■ **Exercise brief**
How many lines in the entries below include the word "ZDIVO"? Respond with the number only.

--- Stored data Enclosed Below ---

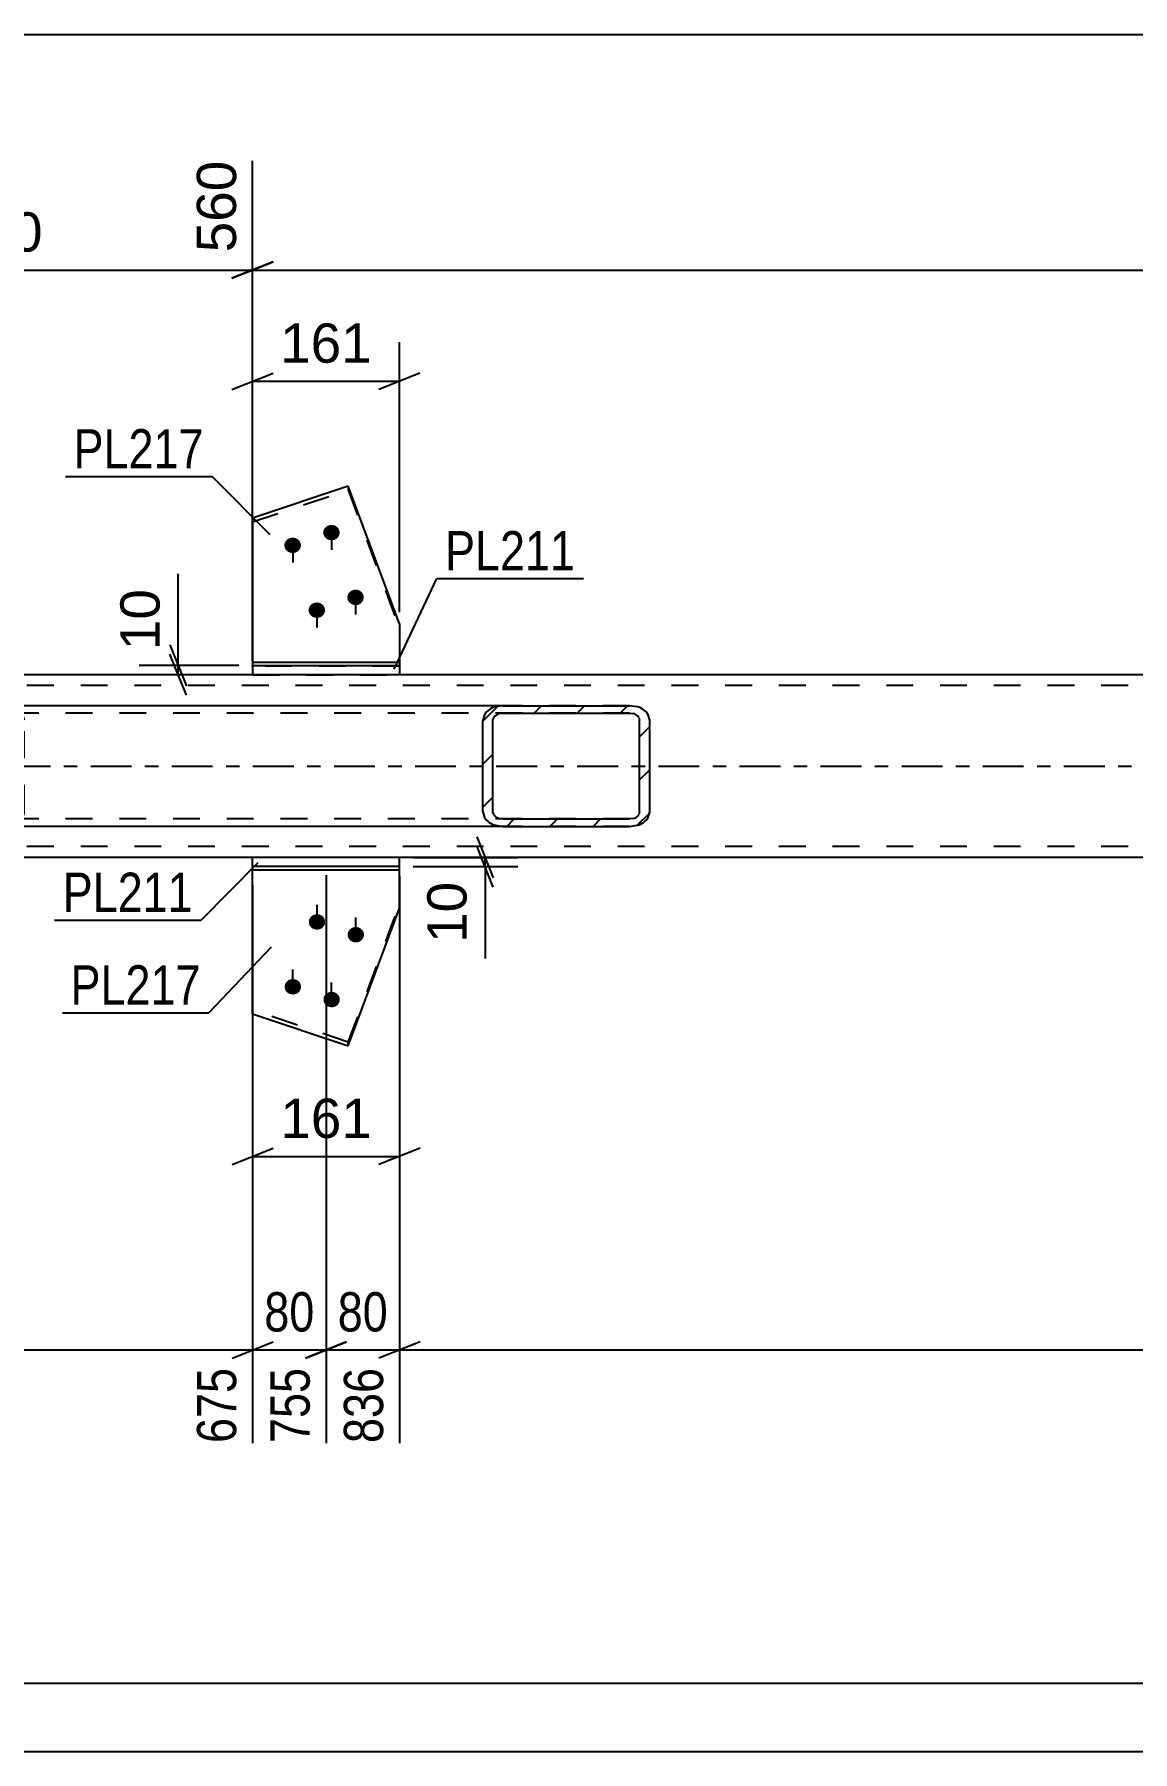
# Model space of a CAD drawing. Header units: millimetres. Extents: x 0 to 841, y 0 to 594.
# Drawn here: x 67.1 to 147.3, y 0 to 125.3 of the extents above; entities that cross this region are included whole.
import ezdxf

# ---------------------------------------------------------------- set-up
doc = ezdxf.new("R2010")
doc.units = ezdxf.units.MM
doc.linetypes.add('DXK_LINE_DOT2', pattern=[3.9198, 1.9599, -1.9599])
doc.linetypes.add('DXK_LINE_DOT3', pattern=[5.9187, 2.979, -0.9799, 0.9799, -0.9799])
doc.styles.add('Arial', font='ARIAL.TTF', dxfattribs={"height": 0.2})
doc.styles.add('Arial Narrow', font='ARIALN.TTF', dxfattribs={"height": 0.2})

# ---------------------------------------------------------------- blocks, each defined once
blk = doc.blocks.new('Unknown-318890635-1126')
at = {"color": 5, "linetype": 'Continuous'}
for p, q in [((5, 5), (836, 5)), ((0, 0), (841, 0))]:
    blk.add_line(p, q, dxfattribs=at)
blk = doc.blocks.new('Part-318890635-2613 - 2607')
at = {"color": 2, "linetype": 'Continuous'}
for p, q in [((268.47, 78.58), (45.74, 78.58)), ((268.47, 65.25), (45.74, 65.25))]:
    blk.add_line(p, q, dxfattribs=at)
at = {"color": 7, "linetype": 'DXK_LINE_DOT2'}
for p, q in [((268.47, 77.78), (45.74, 77.78)), ((268.47, 66.05), (45.74, 66.05))]:
    blk.add_line(p, q, dxfattribs=at)
at = {"color": 7, "linetype": 'DXK_LINE_DOT3'}
blk.add_line((35.74, 71.91), (268.47, 71.91), dxfattribs=at)
blk = doc.blocks.new('Part-318890635-2660 - 2607')
at = {"color": 2, "linetype": 'Continuous'}
for p, q in [((83.06, 79.25), (83.06, 78.58)), ((83.06, 79.25), (93.78, 79.25)), ((93.78, 79.25), (93.78, 78.58))]:
    blk.add_line(p, q, dxfattribs=at)
at = {"color": 7, "linetype": 'DXK_LINE_DOT2'}
blk.add_line((83.06, 78.58), (93.78, 78.58), dxfattribs=at)
blk = doc.blocks.new('Part-318890635-2666 - 2607')
at = {"color": 2, "linetype": 'Continuous'}
for p, q in [((90.03, 92.33), (83.06, 89.99)), ((93.78, 82.28), (90.03, 92.33)), ((83.06, 89.99), (83.06, 79.25)), ((93.78, 82.28), (93.78, 79.25)), ((83.06, 79.49), (93.78, 79.49))]:
    blk.add_line(p, q, dxfattribs=at)
at = {"color": 7, "linetype": 'DXK_LINE_DOT2'}
for p, q in [((83.06, 89.72), (90.03, 92.06)), ((90.03, 92.33), (90.03, 92.06)), ((90.03, 92.06), (93.78, 82.01)), ((83.06, 79.21), (83.06, 79.25)), ((83.06, 79.21), (83.06, 79.25)), ((93.78, 79.21), (83.06, 79.21)), ((93.78, 79.25), (93.78, 79.21)), ((93.78, 79.25), (93.78, 79.21))]:
    blk.add_line(p, q, dxfattribs=at)
blk = doc.blocks.new('Part-318890635-2732 - 2607')
at = {"color": 2, "linetype": 'Continuous'}
for p, q in [((83.07, 64.58), (83.07, 65.25)), ((93.79, 64.58), (93.79, 65.25)), ((93.79, 64.58), (83.07, 64.58))]:
    blk.add_line(p, q, dxfattribs=at)
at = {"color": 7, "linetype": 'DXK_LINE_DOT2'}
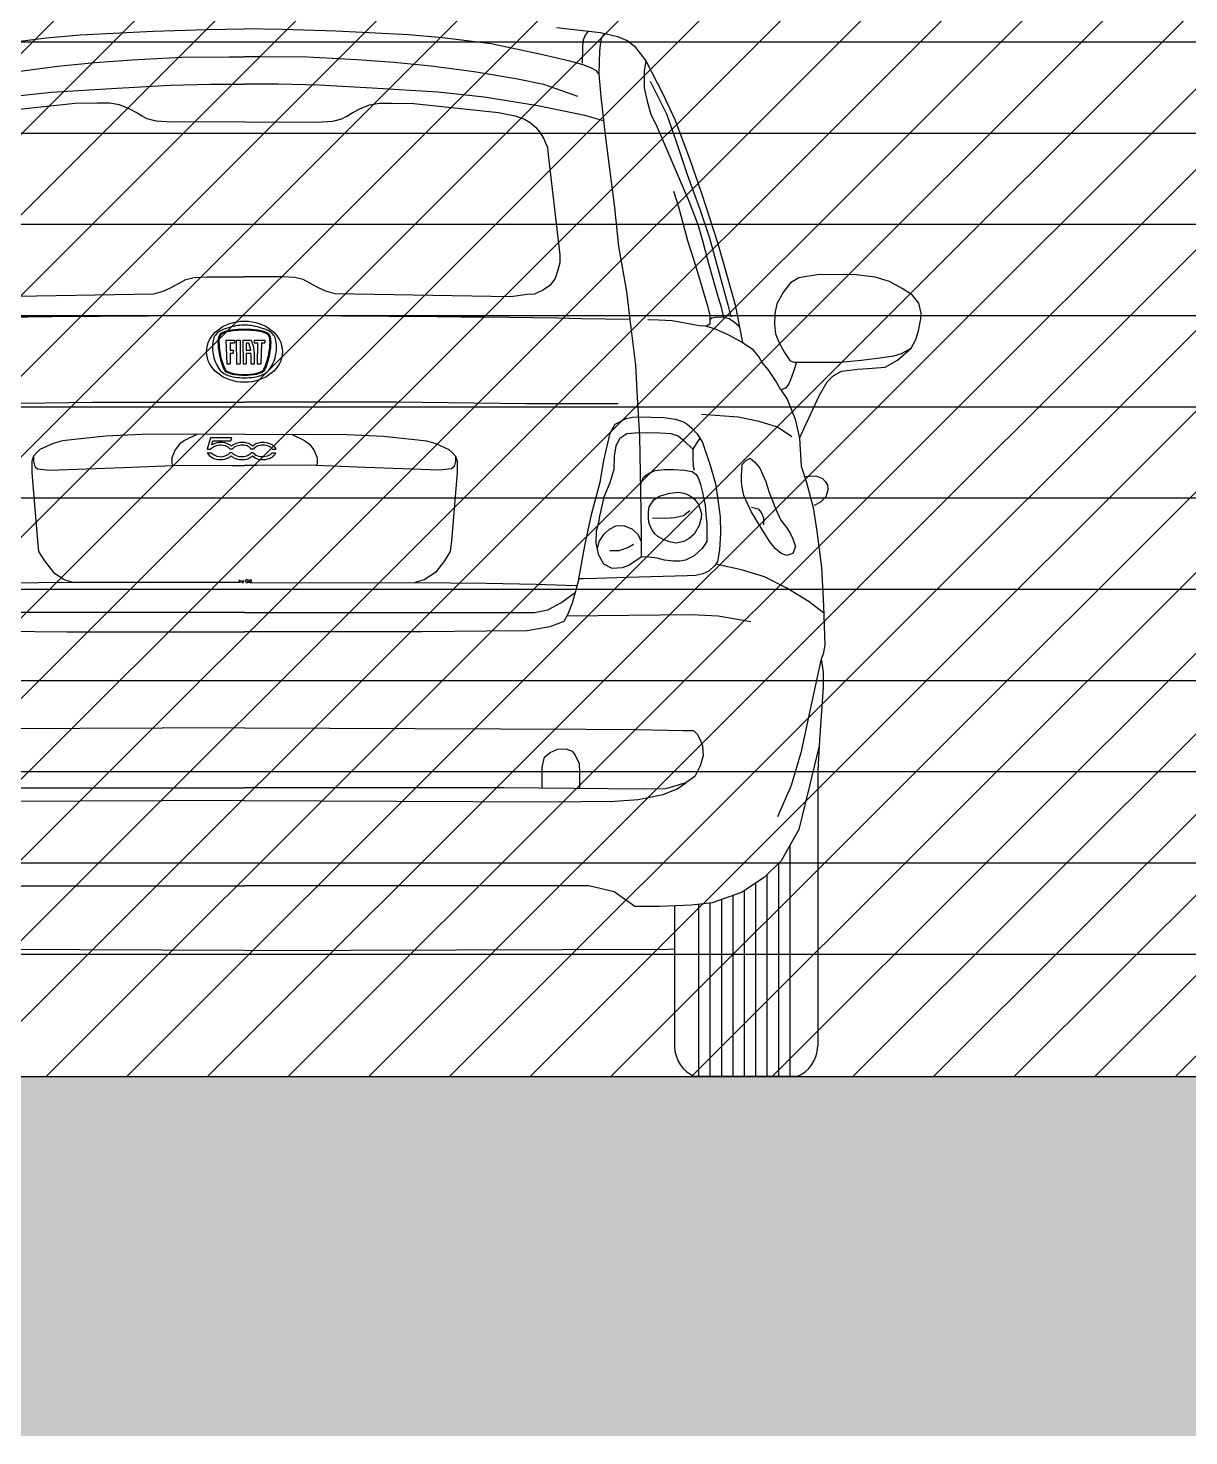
# Model space of a CAD drawing. Header units: metres. Extents: x -442 to 316, y -503 to 125.
# Drawn here: x 107.34 to 108.954, y -274.536 to -272.576 of the extents above; entities that cross this region are included whole.
import ezdxf

# ---------------------------------------------------------------- set-up
doc = ezdxf.new("R2010")
doc.units = ezdxf.units.M
for name, color, linetype in [('FIGURE_SAGOME', 252, 'Continuous'), ('SRAFA', 251, 'Continuous'), ('ZDIVO', 1, 'Continuous')]:
    doc.layers.add(name, color=color, linetype=linetype)

msp = doc.modelspace()

# ---------------------------------------------------------------- hatches: boundary and pattern name
at = {"layer": 'SRAFA', "linetype": 'Continuous'}
h = msp.add_hatch(dxfattribs=at)
h.set_pattern_fill('LINE,_O', color=256, scale=0.04)
h.set_pattern_definition([(0, (252.01669, -52.50389), (0, 0.127), [])])
h.paths.add_polyline_path([(103.583033, -271.535551), (103.583033, -273.930035), (109.183033, -273.930035), (109.183033, -271.535551)])
msp.add_hatch(color=256, dxfattribs=at).paths.add_polyline_path([(122.160874, -273.535551), (113.593033, -273.535551), (113.593033, -274.035551), (103.143033, -274.035551), (103.143033, -273.535551), (100.637587, -273.535551), (100.637587, -274.535606), (122.160874, -274.535606)])
at = {"layer": 'ZDIVO', "linetype": 'Continuous', "lineweight": 0}
h = msp.add_hatch(dxfattribs=at)
h.set_pattern_fill('ANSI31', color=256, scale=0.025, style=0)
h.set_pattern_definition([(45, (222.03104, -52.50389), (-0.0561266, 0.0561266), [])])
h.paths.add_polyline_path([(109.383033, -271.485551), (103.533033, -271.485551), (103.533033, -274.035551), (109.383033, -274.035551)])

# ---------------------------------------------------------------- linework, layer by layer
at = {"layer": 'FIGURE_SAGOME', "linetype": 'Continuous'}
for p, q in [((107.36481, -272.589198), (107.412013, -272.585069)), ((107.412013, -272.585069), (107.513607, -272.580199)), ((107.513607, -272.580199), (107.588222, -272.577864)), ((107.588222, -272.577864), (107.640491, -272.576749)), ((107.692759, -272.577864), (107.640491, -272.576749)), ((107.767374, -272.580199), (107.692759, -272.577864)), ((107.868968, -272.585069), (107.767374, -272.580199)), ((107.916171, -272.589198), (107.868968, -272.585069)), ((108.074803, -272.57491), (108.135769, -272.582036)), ((108.118746, -272.580046), (108.114689, -272.585447)), ((108.135769, -272.582036), (108.159277, -272.587318)), ((108.141281, -272.583274), (108.136885, -272.589869)), ((107.297332, -272.597451), (107.36481, -272.589198)), ((107.983649, -272.597451), (107.916171, -272.589198)), ((108.053319, -272.612442), (107.983649, -272.597451)), ((108.110919, -272.600252), (108.110639, -272.609051)), ((108.111896, -272.59257), (108.110919, -272.600252)), ((108.114689, -272.585447), (108.111896, -272.59257)), ((108.135182, -272.599085), (108.134581, -272.607901)), ((108.136885, -272.589869), (108.135182, -272.599085)), ((108.159277, -272.587318), (108.173141, -272.592801)), ((108.173141, -272.592801), (108.183187, -272.600923)), ((108.183187, -272.600923), (108.199059, -272.621224)), ((107.380693, -272.628957), (107.432136, -272.623695)), ((107.432136, -272.623695), (107.484085, -272.620146)), ((107.484085, -272.620146), (107.553025, -272.616281)), ((107.553025, -272.616281), (107.619165, -272.615567)), ((107.619165, -272.615567), (107.640491, -272.615567)), ((107.661816, -272.615567), (107.640491, -272.615567)), ((107.727957, -272.616281), (107.661816, -272.615567)), ((107.796897, -272.620146), (107.727957, -272.616281)), ((107.848845, -272.623695), (107.796897, -272.620146)), ((107.900288, -272.628957), (107.848845, -272.623695)), ((108.093184, -272.621759), (108.053319, -272.612442)), ((108.111896, -272.626791), (108.093184, -272.621759)), ((108.110382, -272.617158), (108.11022, -272.624695)), ((108.110639, -272.609051), (108.110382, -272.617158)), ((108.134581, -272.607901), (108.133584, -272.639654)), ((108.199059, -272.621224), (108.196471, -272.635711)), ((108.199059, -272.621224), (108.222637, -272.667411)), ((107.320852, -272.63667), (107.380693, -272.628957)), ((107.960129, -272.63667), (107.900288, -272.628957)), ((108.017871, -272.646482), (107.960129, -272.63667)), ((108.122509, -272.630844), (108.111896, -272.626791)), ((108.13005, -272.635455), (108.122509, -272.630844)), ((108.133584, -272.639654), (108.13005, -272.635455)), ((108.133584, -272.639654), (108.136455, -272.671241)), ((108.196471, -272.635711), (108.196742, -272.658791)), ((107.371341, -272.664908), (107.462686, -272.65922)), ((107.462686, -272.65922), (107.537181, -272.65515)), ((107.537181, -272.65515), (107.593323, -272.653588)), ((107.593323, -272.653588), (107.640491, -272.653588)), ((107.687658, -272.653588), (107.640491, -272.653588)), ((107.7438, -272.65515), (107.687658, -272.653588)), ((107.818295, -272.65922), (107.7438, -272.65515)), ((107.909641, -272.664908), (107.818295, -272.65922)), ((108.057017, -272.654294), (108.017871, -272.646482)), ((108.104359, -272.670752), (108.057017, -272.654294)), ((108.196742, -272.658791), (108.200543, -272.677255)), ((108.204908, -272.649461), (108.227707, -272.695075)), ((107.404999, -272.680792), (107.287168, -272.693197)), ((107.306853, -272.67199), (107.371341, -272.664908)), ((107.435791, -272.680236), (107.404999, -272.680792)), ((107.452561, -272.680232), (107.435791, -272.680236)), ((107.466583, -272.682429), (107.452561, -272.680232)), ((107.480054, -272.688201), (107.466583, -272.682429)), ((107.800927, -272.688201), (107.814399, -272.682429)), ((107.814399, -272.682429), (107.82842, -272.680232)), ((107.82842, -272.680232), (107.845191, -272.680236)), ((107.845191, -272.680236), (107.875982, -272.680792)), ((107.875982, -272.680792), (107.993814, -272.693197)), ((107.974128, -272.67199), (107.909641, -272.664908)), ((108.048775, -272.683934), (107.974128, -272.67199)), ((108.136455, -272.671241), (108.142607, -272.728672)), ((108.200543, -272.677255), (108.205701, -272.69572)), ((108.222637, -272.667411), (108.239113, -272.703139)), ((107.489951, -272.693424), (107.480054, -272.688201)), ((107.498199, -272.698372), (107.489951, -272.693424)), ((107.505072, -272.70222), (107.498199, -272.698372)), ((107.517444, -272.705243), (107.505072, -272.70222)), ((107.763538, -272.705243), (107.775909, -272.70222)), ((107.775909, -272.70222), (107.782782, -272.698372)), ((107.782782, -272.698372), (107.79103, -272.693424)), ((107.79103, -272.693424), (107.800927, -272.688201)), ((107.993814, -272.693197), (108.017134, -272.697933)), ((108.017134, -272.697933), (108.029876, -272.702571)), ((108.029876, -272.702571), (108.038178, -272.707014)), ((108.114147, -272.697644), (108.048775, -272.683934)), ((108.140064, -272.704938), (108.114147, -272.697644)), ((108.205701, -272.69572), (108.214659, -272.713643)), ((108.227707, -272.695075), (108.240403, -272.732044)), ((107.539163, -272.706613), (107.517444, -272.705243)), ((107.640491, -272.706146), (107.539163, -272.706613)), ((107.640491, -272.706146), (107.741818, -272.706613)), ((107.741818, -272.706613), (107.763538, -272.705243)), ((108.038178, -272.707014), (108.045322, -272.713581)), ((108.045322, -272.713581), (108.050727, -272.720341)), ((108.050727, -272.720341), (108.056326, -272.728839)), ((108.214659, -272.713643), (108.259229, -272.817499)), ((108.239113, -272.703139), (108.259628, -272.757229)), ((108.056326, -272.728839), (108.061925, -272.742164)), ((108.142607, -272.728672), (108.155345, -272.82569)), ((108.240403, -272.732044), (108.256414, -272.779675)), ((108.061925, -272.742164), (108.063083, -272.752399)), ((108.063083, -272.752399), (108.07907, -272.891515)), ((108.259628, -272.757229), (108.276505, -272.805744)), ((108.256414, -272.779675), (108.273898, -272.82769)), ((108.237514, -272.802892), (108.244167, -272.824672)), ((108.259229, -272.817499), (108.271914, -272.850687)), ((108.276505, -272.805744), (108.298835, -272.875703)), ((108.155345, -272.82569), (108.16109, -272.879595)), ((108.244167, -272.824672), (108.251197, -272.850719)), ((108.273898, -272.82769), (108.286998, -272.866169)), ((108.251197, -272.850719), (108.256868, -272.87156)), ((108.271914, -272.850687), (108.27817, -272.87342)), ((108.256868, -272.87156), (108.26466, -272.896233)), ((108.27817, -272.87342), (108.286064, -272.903398)), ((108.286998, -272.866169), (108.299474, -272.911718)), ((108.298835, -272.875703), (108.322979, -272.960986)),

--- End of Enclosed Stored data ---

■ **Solution for this task**
2